Psst! Want A Piece Of A Hot Cuban Deal?

The phone company's Mexican part-owner needs cash-fast

The few households in Cuba with phones have become settings for a new family ritual: gatherings to chat with relatives in the U.S., who pay in dollars for the calls. Such long-distance talkfests are one result of the 1992 Cuban Democracy Act, which tightened the U.S. embargo against the island but authorized American carriers to upgrade U.S.-Cuba phone links. The aim: to open Fidel Castro's closed society by expanding people-to-people contacts.

A startling side effect, though, has been to convert Cuba's dilapidated phone company, Etecsa, into a potential bonanza, both for Castro and for Mexican conglomerate Grupo Domos. In 1994, in a $750 million deal and Castro's biggest privatization to date, Domos CEO Javier Garza Calderon bought 49% of Etecsa, including management control. Garza expected the phone company to earn a modest $34 million profit in 1995. Instead, it will make $120 million because of its 50% share of soaring dollar revenues from calls across the Florida Straits.

Trouble is, Garza now has serious problems at home that threaten to break his grip on this rich lode. Besides still owing $300 million to Cuba for the Etecsa purchase, Garza is also committed to upgrading its local phone system. But Mexico's peso devaluation has made it tough for his privately held Monterrey-based company, which has interests from tourism to waste management, to meet dollar commitments. Garza is now 10 months overdue on a $196 million installment to Cuba.

To avoid losing his prize, Garza has started selling off some of his Etecsa stake. Last April, he sold a 25% share in Citel, the Domos subsidiary that holds the Cuban stake, for $281 million to Italian phone giant STET. Now Garza is trying to peddle an additional 24% of Citel to other telecom companies, suppliers, or investors in Europe and Asia. STET has the right to preempt other prospective buyers but would do so only if the price is "extremely interesting," says STET International CEO Massimo Masini. He warns that any new partner would have to be a financial investor without an operating role. That could dampen the interest of other telecom companies.

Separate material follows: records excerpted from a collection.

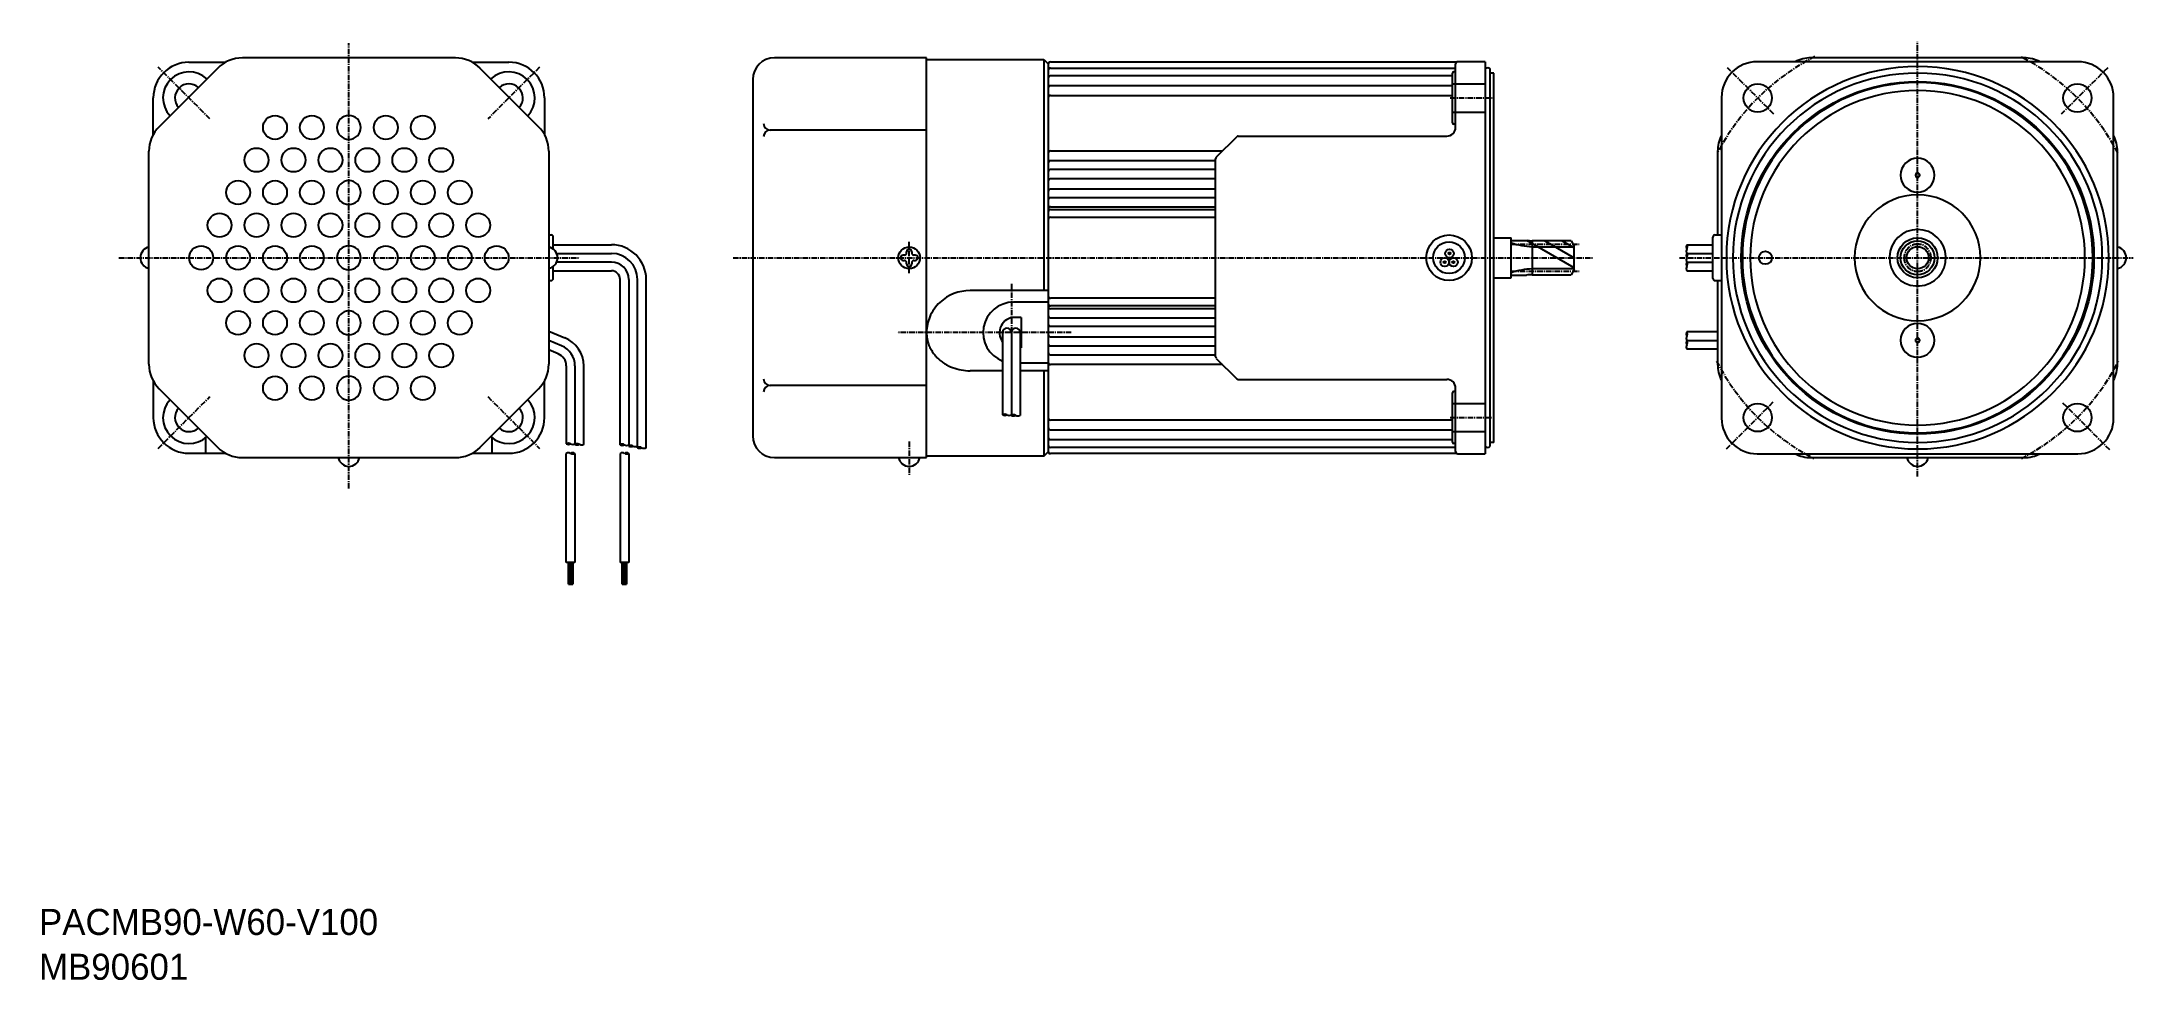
# Model space of a CAD drawing. Extents: x 66 to 547, y 18 to 234.
import ezdxf

# ---------------------------------------------------------------- set-up
doc = ezdxf.new("R2010")
doc.units = 0
doc.linetypes.add('CENTER', pattern=[2, 1.25, -0.25, 0.25, -0.25])
doc.layers.get('0').update_dxf_attribs({"linetype": 'CONTINUOUS'})
doc.layers.add('CENTER', color=1, linetype='CONTINUOUS')

# ---------------------------------------------------------------- blocks, each defined once
blk = doc.blocks.new('*X2')
at = {"color": 0, "linetype": 'CONTINUOUS'}
for p, q in [((186.98, 113.09), (187.86, 113.97)), ((186.98, 113.27), (187.69, 113.97)), ((186.98, 113.44), (187.51, 113.97)), ((186.98, 113.62), (187.33, 113.97)), ((186.98, 113.8), (187.16, 113.97)), ((186.98, 112.91), (187.98, 113.91)), ((186.98, 112.74), (187.98, 113.74)), ((186.98, 112.56), (187.98, 113.56)), ((186.98, 112.38), (187.98, 113.38)), ((186.98, 112.21), (187.98, 113.21)), ((186.98, 112.03), (187.98, 113.03)), ((186.98, 111.85), (187.98, 112.85)), ((186.98, 111.68), (187.98, 112.68)), ((186.98, 111.5), (187.98, 112.5)), ((186.98, 111.32), (187.98, 112.32)), ((186.98, 111.15), (187.98, 112.15)), ((186.98, 110.97), (187.98, 111.97)), ((186.98, 110.79), (187.98, 111.79)), ((186.98, 110.62), (187.98, 111.62)), ((186.98, 110.44), (187.98, 111.44)), ((186.98, 110.26), (187.98, 111.26)), ((186.98, 110.09), (187.98, 111.09)), ((186.98, 109.91), (187.98, 110.91)), ((186.98, 109.73), (187.98, 110.73)), ((199.36, 113.09), (200.24, 113.97)), ((199.36, 113.27), (200.06, 113.97)), ((199.36, 113.44), (199.88, 113.97)), ((199.36, 113.62), (199.71, 113.97)), ((199.36, 113.8), (199.53, 113.97)), ((199.36, 112.91), (200.36, 113.91)), ((199.36, 112.74), (200.36, 113.74)), ((199.36, 112.56), (200.36, 113.56)), ((199.36, 112.38), (200.36, 113.38)), ((199.36, 112.21), (200.36, 113.21)), ((199.36, 112.03), (200.36, 113.03)), ((199.36, 111.85), (200.36, 112.85)), ((199.36, 111.68), (200.36, 112.68)), ((199.36, 111.5), (200.36, 112.5)), ((199.36, 111.32), (200.36, 112.32)), ((199.36, 111.15), (200.36, 112.15)), ((199.36, 110.97), (200.36, 111.97)), ((199.36, 110.79), (200.36, 111.79)), ((199.36, 110.62), (200.36, 111.62)), ((199.36, 110.44), (200.36, 111.44)), ((199.36, 110.26), (200.36, 111.26)), ((199.36, 110.09), (200.36, 111.09)), ((199.36, 109.91), (200.36, 110.91)), ((199.36, 109.73), (200.36, 110.73)), ((186.98, 109.56), (187.98, 110.56)), ((186.98, 109.38), (187.98, 110.38)), ((186.98, 109.2), (187.98, 110.2)), ((186.98, 109.02), (187.98, 110.02)), ((187.11, 108.97), (187.98, 109.85)), ((187.28, 108.97), (187.98, 109.67)), ((187.46, 108.97), (187.98, 109.49)), ((187.64, 108.97), (187.98, 109.32)), ((187.81, 108.97), (187.98, 109.14)), ((199.36, 109.55), (200.36, 110.55)), ((199.36, 109.38), (200.36, 110.38)), ((199.36, 109.2), (200.36, 110.2)), ((199.36, 109.02), (200.36, 110.02)), ((199.48, 108.97), (200.36, 109.85)), ((199.66, 108.97), (200.36, 109.67)), ((199.83, 108.97), (200.36, 109.49)), ((200.01, 108.97), (200.36, 109.32)), ((200.19, 108.97), (200.36, 109.14))]:
    blk.add_line(p, q, dxfattribs=at)

msp = doc.modelspace()

# ---------------------------------------------------------------- linework, layer by layer
at = {"color": 7, "linetype": 'CONTINUOUS'}
for p, q in [((106.29, 227.73), (92.8, 214.24)), ((99.66, 229.07), (108.08, 229.07)), ((136.46, 230.07), (111.95, 230.07)), ((160.97, 230.07), (136.46, 230.07)), ((164.84, 229.07), (173.26, 229.07)), ((180.11, 214.24), (166.62, 227.73)), ((269.37, 230.07), (234.37, 230.07)), ((269.37, 138.07), (269.37, 230.07)), ((269.37, 229.72), (296.37, 229.72)), ((296.37, 229.72), (297.37, 228.72)), ((296.37, 229.72), (296.37, 176.52)), ((297.37, 228.65), (297.37, 139.42)), ((297.86, 227.71), (391.07, 227.71)), ((297.87, 229.15), (391.43, 229.15)), ((390.37, 224.09), (390.37, 226.54)), ((391.07, 226.84), (390.67, 226.84)), ((391.07, 214.07), (391.07, 228.67)), ((397.87, 229.17), (391.57, 229.17)), ((397.87, 229.17), (397.87, 138.97)), ((399.07, 140.97), (399.07, 227.17)), ((399.87, 226.57), (399.07, 226.57)), ((399.87, 141.57), (399.87, 226.57)), ((497.37, 229.17), (460.47, 229.17)), ((497.37, 230.07), (472.86, 230.07)), ((521.88, 230.07), (497.37, 230.07)), ((534.27, 229.17), (497.37, 229.17)), ((229.37, 225.07), (229.37, 143.07)), ((297.86, 221.43), (390.37, 221.43)), ((390.37, 225.91), (297.87, 225.91)), ((390.37, 223.65), (297.87, 223.65)), ((390.37, 217.59), (390.37, 224.09)), ((91.46, 212.45), (91.46, 220.87)), ((181.46, 220.87), (181.46, 212.45)), ((390.37, 215.14), (390.37, 217.59)), ((452.27, 220.97), (452.27, 147.17)), ((542.47, 147.17), (542.47, 220.97)), ((269.37, 213.46), (233.36, 213.46)), ((340.73, 211.92), (336.02, 207.22)), ((341.08, 212.07), (389.07, 212.07)), ((391.07, 214.84), (390.67, 214.84)), ((90.46, 159.56), (90.46, 208.58)), ((182.46, 208.58), (182.46, 159.56)), ((297.87, 208.65), (337.46, 208.65)), ((451.37, 208.58), (451.37, 189.32)), ((543.37, 178.82), (543.37, 208.58)), ((335.87, 206.38), (297.87, 206.38)), ((335.87, 204.36), (297.87, 204.36)), ((335.87, 202.23), (297.87, 202.23)), ((335.87, 161.28), (335.87, 206.86)), ((335.87, 199.84), (297.87, 199.84)), ((335.87, 197.89), (297.87, 197.89)), ((297.87, 195.82), (335.87, 195.82)), ((297.87, 195.15), (335.87, 195.15)), ((297.87, 193.39), (335.87, 193.39)), ((182.46, 189.32), (182.96, 189.32)), ((183.46, 186.07), (183.46, 188.82)), ((399.87, 188.67), (403.87, 188.67)), ((403.87, 179.47), (403.87, 188.67)), ((403.87, 188.07), (407.4, 188.07)), ((417.67, 187.97), (408.67, 187.97)), ((417.67, 187.97), (418.37, 186.76)), ((450.27, 179.32), (450.27, 188.82)), ((450.77, 189.32), (452.27, 189.32)), ((183.46, 187.07), (196.86, 187.07)), ((184.25, 185.07), (196.86, 185.07)), ((196.86, 183.07), (184.25, 183.07)), ((264.27, 184.67), (263.97, 184.67)), ((263.97, 183.47), (264.27, 183.47)), ((264.77, 185.17), (264.77, 185.47)), ((264.77, 182.67), (264.77, 182.97)), ((265.97, 185.47), (265.97, 185.17)), ((265.97, 182.97), (265.97, 182.67)), ((266.77, 184.67), (266.47, 184.67)), ((266.47, 183.47), (266.77, 183.47)), ((408.67, 186.62), (418.37, 186.62)), ((418.37, 181.39), (418.37, 186.76)), ((444.27, 187.07), (450.27, 187.07)), ((444.27, 185.07), (450.27, 185.07)), ((444.27, 183.07), (450.27, 183.07)), ((182.46, 178.82), (182.96, 178.82)), ((183.46, 179.32), (183.46, 182.07)), ((183.46, 181.07), (196.86, 181.07)), ((198.86, 141.03), (198.86, 179.07)), ((200.86, 179.07), (200.86, 140.73)), ((202.86, 140.36), (202.86, 179.07)), ((204.86, 140.36), (204.86, 179.07)), ((399.87, 179.47), (403.87, 179.47)), ((403.87, 180.07), (407.4, 180.07)), ((418.37, 181.52), (408.67, 181.52)), ((408.67, 180.17), (417.67, 180.17)), ((418.37, 181.39), (417.67, 180.17)), ((444.27, 181.07), (450.27, 181.07)), ((450.77, 178.82), (452.27, 178.82)), ((451.37, 178.82), (451.37, 159.56)), ((543.37, 159.56), (543.37, 178.82)), ((297.37, 176.52), (279.37, 176.52)), ((292.34, 173.85), (289.34, 173.85)), ((297.37, 173.85), (292.37, 173.85)), ((335.87, 174.75), (297.87, 174.75)), ((291.14, 170.35), (289.64, 170.35)), ((291.14, 170.35), (291.14, 163.35)), ((335.87, 172.99), (297.87, 172.99)), ((335.87, 172.32), (297.87, 172.32)), ((297.87, 170.25), (335.87, 170.25)), ((182.46, 167.18), (186.16, 165.65)), ((185.4, 163.8), (182.46, 165.02)), ((286.87, 166.85), (286.87, 147.91)), ((288.87, 166.85), (288.87, 147.91)), ((290.87, 166.85), (290.87, 147.8)), ((297.87, 168.3), (335.87, 168.3)), ((297.87, 165.91), (335.87, 165.91)), ((297.87, 163.78), (335.87, 163.78)), ((451.37, 167.02), (444.27, 167.02)), ((444.27, 165.02), (451.37, 165.02)), ((184.63, 161.95), (182.46, 162.85)), ((186.48, 159.18), (186.48, 141.23)), ((188.48, 159.18), (188.48, 141.13)), ((190.48, 141.13), (190.48, 159.18)), ((291.14, 163.35), (290.87, 163.35)), ((292.34, 159.85), (290.87, 159.85)), ((297.37, 159.85), (292.37, 159.85)), ((297.87, 161.76), (335.87, 161.76)), ((337.46, 159.49), (297.87, 159.49)), ((336.02, 160.92), (340.73, 156.22)), ((451.37, 163.02), (444.27, 163.02)), ((91.46, 155.69), (91.46, 147.27)), ((181.46, 147.27), (181.46, 155.69)), ((269.37, 154.68), (233.36, 154.68)), ((286.87, 158.04), (279.37, 158.04)), ((297.37, 158.04), (290.87, 158.04)), ((296.37, 158.04), (296.37, 138.42)), ((341.08, 156.07), (389.07, 156.07)), ((391.07, 139.47), (391.07, 154.07)), ((92.8, 153.91), (106.29, 140.41)), ((166.62, 140.41), (180.11, 153.91)), ((390.37, 150.55), (390.37, 153)), ((390.37, 144.05), (390.37, 150.55)), ((391.07, 153.3), (390.67, 153.3)), ((297.86, 144.49), (390.37, 144.49)), ((390.37, 146.71), (297.87, 146.71)), ((103.46, 142.65), (103.46, 139.07)), ((169.46, 139.07), (169.46, 142.65)), ((297.87, 142.23), (390.37, 142.23)), ((391.07, 140.43), (297.87, 140.43)), ((390.37, 141.6), (390.37, 144.05)), ((391.07, 141.3), (390.67, 141.3)), ((399.87, 141.57), (399.07, 141.57)), ((99.66, 139.07), (108.08, 139.07)), ((111.95, 138.07), (136.46, 138.07)), ((136.46, 138.07), (160.97, 138.07)), ((164.84, 139.07), (173.26, 139.07)), ((186.48, 113.97), (186.48, 139.06)), ((188.48, 139.06), (188.48, 113.97)), ((198.86, 139.06), (198.86, 113.97)), ((200.86, 139.06), (200.86, 113.97)), ((234.37, 138.07), (269.37, 138.07)), ((296.37, 138.42), (269.37, 138.42)), ((296.37, 138.42), (297.37, 139.42)), ((391.43, 138.99), (297.87, 138.99)), ((391.57, 138.97), (397.87, 138.97)), ((460.47, 138.97), (497.37, 138.97)), ((472.86, 138.07), (497.37, 138.07)), ((497.37, 138.97), (534.27, 138.97)), ((497.37, 138.07), (521.88, 138.07)), ((188.48, 113.97), (186.48, 113.97)), ((186.98, 108.97), (186.98, 113.97)), ((187.98, 113.97), (187.98, 108.97)), ((200.86, 113.97), (198.86, 113.97)), ((199.36, 108.97), (199.36, 113.97)), ((200.36, 113.97), (200.36, 108.97)), ((186.98, 108.97), (187.98, 108.97)), ((199.36, 108.97), (200.36, 108.97))]:
    msp.add_line(p, q, dxfattribs=at)
at = {"color": 3, "linetype": 'CONTINUOUS'}
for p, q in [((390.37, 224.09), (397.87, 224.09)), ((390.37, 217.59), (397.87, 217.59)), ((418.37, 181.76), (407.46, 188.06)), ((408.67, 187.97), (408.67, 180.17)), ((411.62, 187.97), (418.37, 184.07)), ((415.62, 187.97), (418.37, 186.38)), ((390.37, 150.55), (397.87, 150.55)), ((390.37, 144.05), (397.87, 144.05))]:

LOW WAGES. So far, the Cuban government has kept silent on Garza's missed payment, insisting that the venture is successful. A collapse could stir doubts about Cuba among other foreign investors Castro is trying to woo to sidestep the embargo. On the bright side, U.S.-Cuba phone traffic over the new long-distance circuits installed by AT&T, Sprint, MCI, and Worldcom have swollen Etecsa's long-distance volume from 400 calls per day when Garza took over to some 50,000 daily, he claims. The revenue-generating potential of the new circuits has also added about $300 million to Etecsa's value, a senior U.S. official estimates.

But Garza concedes that Domos and STET have spent little so far to upgrade Cuba's rickety domestic phone system, beyond installing three new exchanges and importing Mitsubishi utility vehicles to raise the productivity of Etecsa crews. The low outlays are one reason why profits are so fat. Another is that Etecsa gets most of its revenue from international calls paid in dollars, but it pays its 14,500 employees in cheap Cuban pesos, plus allotments of food and clothing. The average Etecsa worker's monthly cash salary of 330 pesos amounts to just $13.20 at the current free-market exchange rate.

Domos and STET will have to start spending more to fulfill terms of the 1994 agreement. It calls for adding more domestic lines, now estimated at around 300,000, to raise the island's phone installation from 3 per 100 residents to 10 within seven years. That compares with the Latin American average of 7 per 100. To meet commitments and payments, Garza says that he could raise capital if necessary by allowing outsiders to buy into Grupo Domos.

For the U.S., a breakdown in the phone venture could also set back efforts to loosen Castro's grip by promoting still more "people-to-people" contacts. Soon, Cuba plans to shift computer networks in ministries and institutions such as the University of Havana, which have been tied to the Internet through Canada, to hookups directly through the U.S. But broader links across the island among users of computers, modems, and faxes won't happen until the domestic phone system improves. Allowing a U.S. company to buy the stake Garza is peddling, a prospect he says he would welcome, would help achieve that. It's a possibility that has been discussed within the Clinton Administration, but any decision is probably months away. So Garza's urgent call for new investors is getting a busy signal from the U.S.